(Recorded data)
________________________________________

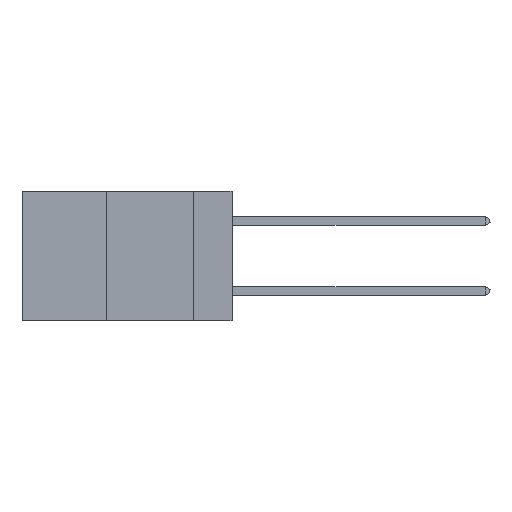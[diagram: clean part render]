
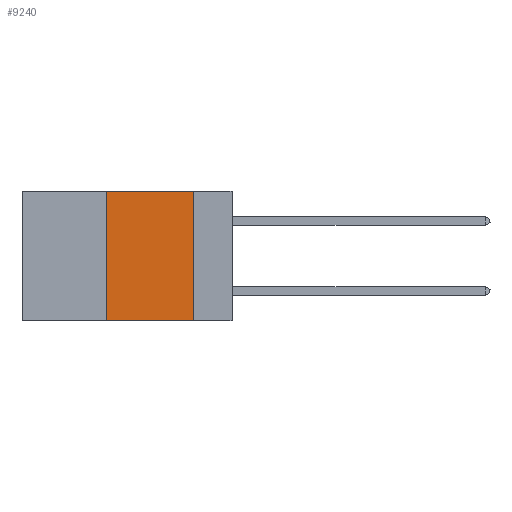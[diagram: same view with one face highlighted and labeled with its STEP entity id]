
A CAD part, left-side view. The second image highlights one B-rep face of the part: STEP entity #9240.
In plain terms, the highlighted planar face has unit normal (-1, 0, 0).
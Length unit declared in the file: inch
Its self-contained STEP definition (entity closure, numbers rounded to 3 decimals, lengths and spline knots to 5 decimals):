
#472 = VERTEX_POINT ( 'NONE', #1627 ) ;
#642 = DIRECTION ( 'NONE',  ( 0., 0., 1. ) ) ;
#1627 = CARTESIAN_POINT ( 'NONE',  ( 0., 0.11, -0.37 ) ) ;
#1716 = CARTESIAN_POINT ( 'NONE',  ( 0., 0.11, 0. ) ) ;
#3344 = VERTEX_POINT ( 'NONE', #23549 ) ;
#4531 = ORIENTED_EDGE ( 'NONE', *, *, #20986, .F. ) ;
#5739 = PLANE ( 'NONE',  #9212 ) ;
#5831 = DIRECTION ( 'NONE',  ( 0., 0., -1. ) ) ;
#7048 = FACE_OUTER_BOUND ( 'NONE', #23794, .T. ) ;
#7164 = LINE ( 'NONE', #24971, #22623 ) ;
#7172 = VECTOR ( 'NONE', #26132, 39.37008 ) ;
#8052 = CARTESIAN_POINT ( 'NONE',  ( 0., 0.6, -0.37 ) ) ;
#8101 = LINE ( 'NONE', #1716, #13525 ) ;
#8883 = DIRECTION ( 'NONE',  ( 0., -1., 0. ) ) ;
#8892 = EDGE_CURVE ( 'NONE', #3344, #21831, #20636, .T. ) ;
#9212 = AXIS2_PLACEMENT_3D ( 'NONE', #15938, #17974, #5831 ) ;
#9240 = ADVANCED_FACE ( 'NONE', ( #7048 ), #5739, .F. ) ;
#10334 = CARTESIAN_POINT ( 'NONE',  ( 0., 0.36, -0.37 ) ) ;
#12419 = EDGE_CURVE ( 'NONE', #19729, #472, #12598, .T. ) ;
#12598 = LINE ( 'NONE', #8052, #7172 ) ;
#13118 = ORIENTED_EDGE ( 'NONE', *, *, #12419, .T. ) ;
#13525 = VECTOR ( 'NONE', #23955, 39.37008 ) ;
#14900 = CARTESIAN_POINT ( 'NONE',  ( 0., 0.6, 0. ) ) ;
#15938 = CARTESIAN_POINT ( 'NONE',  ( 0., 0.6, 0. ) ) ;
#16481 = EDGE_CURVE ( 'NONE', #19729, #3344, #7164, .T. ) ;
#16975 = CARTESIAN_POINT ( 'NONE',  ( 0., 0.11, 0. ) ) ;
#17974 = DIRECTION ( 'NONE',  ( 1., 0., 0. ) ) ;
#19685 = ORIENTED_EDGE ( 'NONE', *, *, #8892, .F. ) ;
#19729 = VERTEX_POINT ( 'NONE', #10334 ) ;
#20015 = VECTOR ( 'NONE', #8883, 39.37008 ) ;
#20636 = LINE ( 'NONE', #14900, #20015 ) ;
#20986 = EDGE_CURVE ( 'NONE', #21831, #472, #8101, .T. ) ;
#21831 = VERTEX_POINT ( 'NONE', #16975 ) ;
#22623 = VECTOR ( 'NONE', #642, 39.37008 ) ;
#22735 = ORIENTED_EDGE ( 'NONE', *, *, #16481, .F. ) ;
#23549 = CARTESIAN_POINT ( 'NONE',  ( 0., 0.36, 0. ) ) ;
#23794 = EDGE_LOOP ( 'NONE', ( #4531, #19685, #22735, #13118 ) ) ;
#23955 = DIRECTION ( 'NONE',  ( 0., 0., -1. ) ) ;
#24971 = CARTESIAN_POINT ( 'NONE',  ( 0., 0.36, 0. ) ) ;
#26132 = DIRECTION ( 'NONE',  ( 0., -1., 0. ) ) ;

________________________________________

Without including any pictures, output each entry above exactly as it appears.

EXERCISE OUTPUT:
[diagram: clean part render]
[diagram: same view with one face highlighted and labeled with its STEP entity id]
A CAD part, left-side view. The second image highlights one B-rep face of the part: STEP entity #9240.
In plain terms, the highlighted planar face has unit normal (-1, 0, 0).
Length unit declared in the file: inch
Its self-contained STEP definition (entity closure, numbers rounded to 3 decimals, lengths and spline knots to 5 decimals):
#472 = VERTEX_POINT ( 'NONE', #1627 ) ;
#642 = DIRECTION ( 'NONE',  ( 0., 0., 1. ) ) ;
#1627 = CARTESIAN_POINT ( 'NONE',  ( 0., 0.11, -0.37 ) ) ;
#1716 = CARTESIAN_POINT ( 'NONE',  ( 0., 0.11, 0. ) ) ;
#3344 = VERTEX_POINT ( 'NONE', #23549 ) ;
#4531 = ORIENTED_EDGE ( 'NONE', *, *, #20986, .F. ) ;
#5739 = PLANE ( 'NONE',  #9212 ) ;
#5831 = DIRECTION ( 'NONE',  ( 0., 0., -1. ) ) ;
#7048 = FACE_OUTER_BOUND ( 'NONE', #23794, .T. ) ;
#7164 = LINE ( 'NONE', #24971, #22623 ) ;
#7172 = VECTOR ( 'NONE', #26132, 39.37008 ) ;
#8052 = CARTESIAN_POINT ( 'NONE',  ( 0., 0.6, -0.37 ) ) ;
#8101 = LINE ( 'NONE', #1716, #13525 ) ;
#8883 = DIRECTION ( 'NONE',  ( 0., -1., 0. ) ) ;
#8892 = EDGE_CURVE ( 'NONE', #3344, #21831, #20636, .T. ) ;
#9212 = AXIS2_PLACEMENT_3D ( 'NONE', #15938, #17974, #5831 ) ;
#9240 = ADVANCED_FACE ( 'NONE', ( #7048 ), #5739, .F. ) ;
#10334 = CARTESIAN_POINT ( 'NONE',  ( 0., 0.36, -0.37 ) ) ;
#12419 = EDGE_CURVE ( 'NONE', #19729, #472, #12598, .T. ) ;
#12598 = LINE ( 'NONE', #8052, #7172 ) ;
#13118 = ORIENTED_EDGE ( 'NONE', *, *, #12419, .T. ) ;
#13525 = VECTOR ( 'NONE', #23955, 39.37008 ) ;
#14900 = CARTESIAN_POINT ( 'NONE',  ( 0., 0.6, 0. ) ) ;
#15938 = CARTESIAN_POINT ( 'NONE',  ( 0., 0.6, 0. ) ) ;
#16481 = EDGE_CURVE ( 'NONE', #19729, #3344, #7164, .T. ) ;
#16975 = CARTESIAN_POINT ( 'NONE',  ( 0., 0.11, 0. ) ) ;
#17974 = DIRECTION ( 'NONE',  ( 1., 0., 0. ) ) ;
#19685 = ORIENTED_EDGE ( 'NONE', *, *, #8892, .F. ) ;
#19729 = VERTEX_POINT ( 'NONE', #10334 ) ;
#20015 = VECTOR ( 'NONE', #8883, 39.37008 ) ;
#20636 = LINE ( 'NONE', #14900, #20015 ) ;
#20986 = EDGE_CURVE ( 'NONE', #21831, #472, #8101, .T. ) ;
#21831 = VERTEX_POINT ( 'NONE', #16975 ) ;
#22623 = VECTOR ( 'NONE', #642, 39.37008 ) ;
#22735 = ORIENTED_EDGE ( 'NONE', *, *, #16481, .F. ) ;
#23549 = CARTESIAN_POINT ( 'NONE',  ( 0., 0.36, 0. ) ) ;
#23794 = EDGE_LOOP ( 'NONE', ( #4531, #19685, #22735, #13118 ) ) ;
#23955 = DIRECTION ( 'NONE',  ( 0., 0., -1. ) ) ;
#24971 = CARTESIAN_POINT ( 'NONE',  ( 0., 0.36, 0. ) ) ;
#26132 = DIRECTION ( 'NONE',  ( 0., -1., 0. ) ) ;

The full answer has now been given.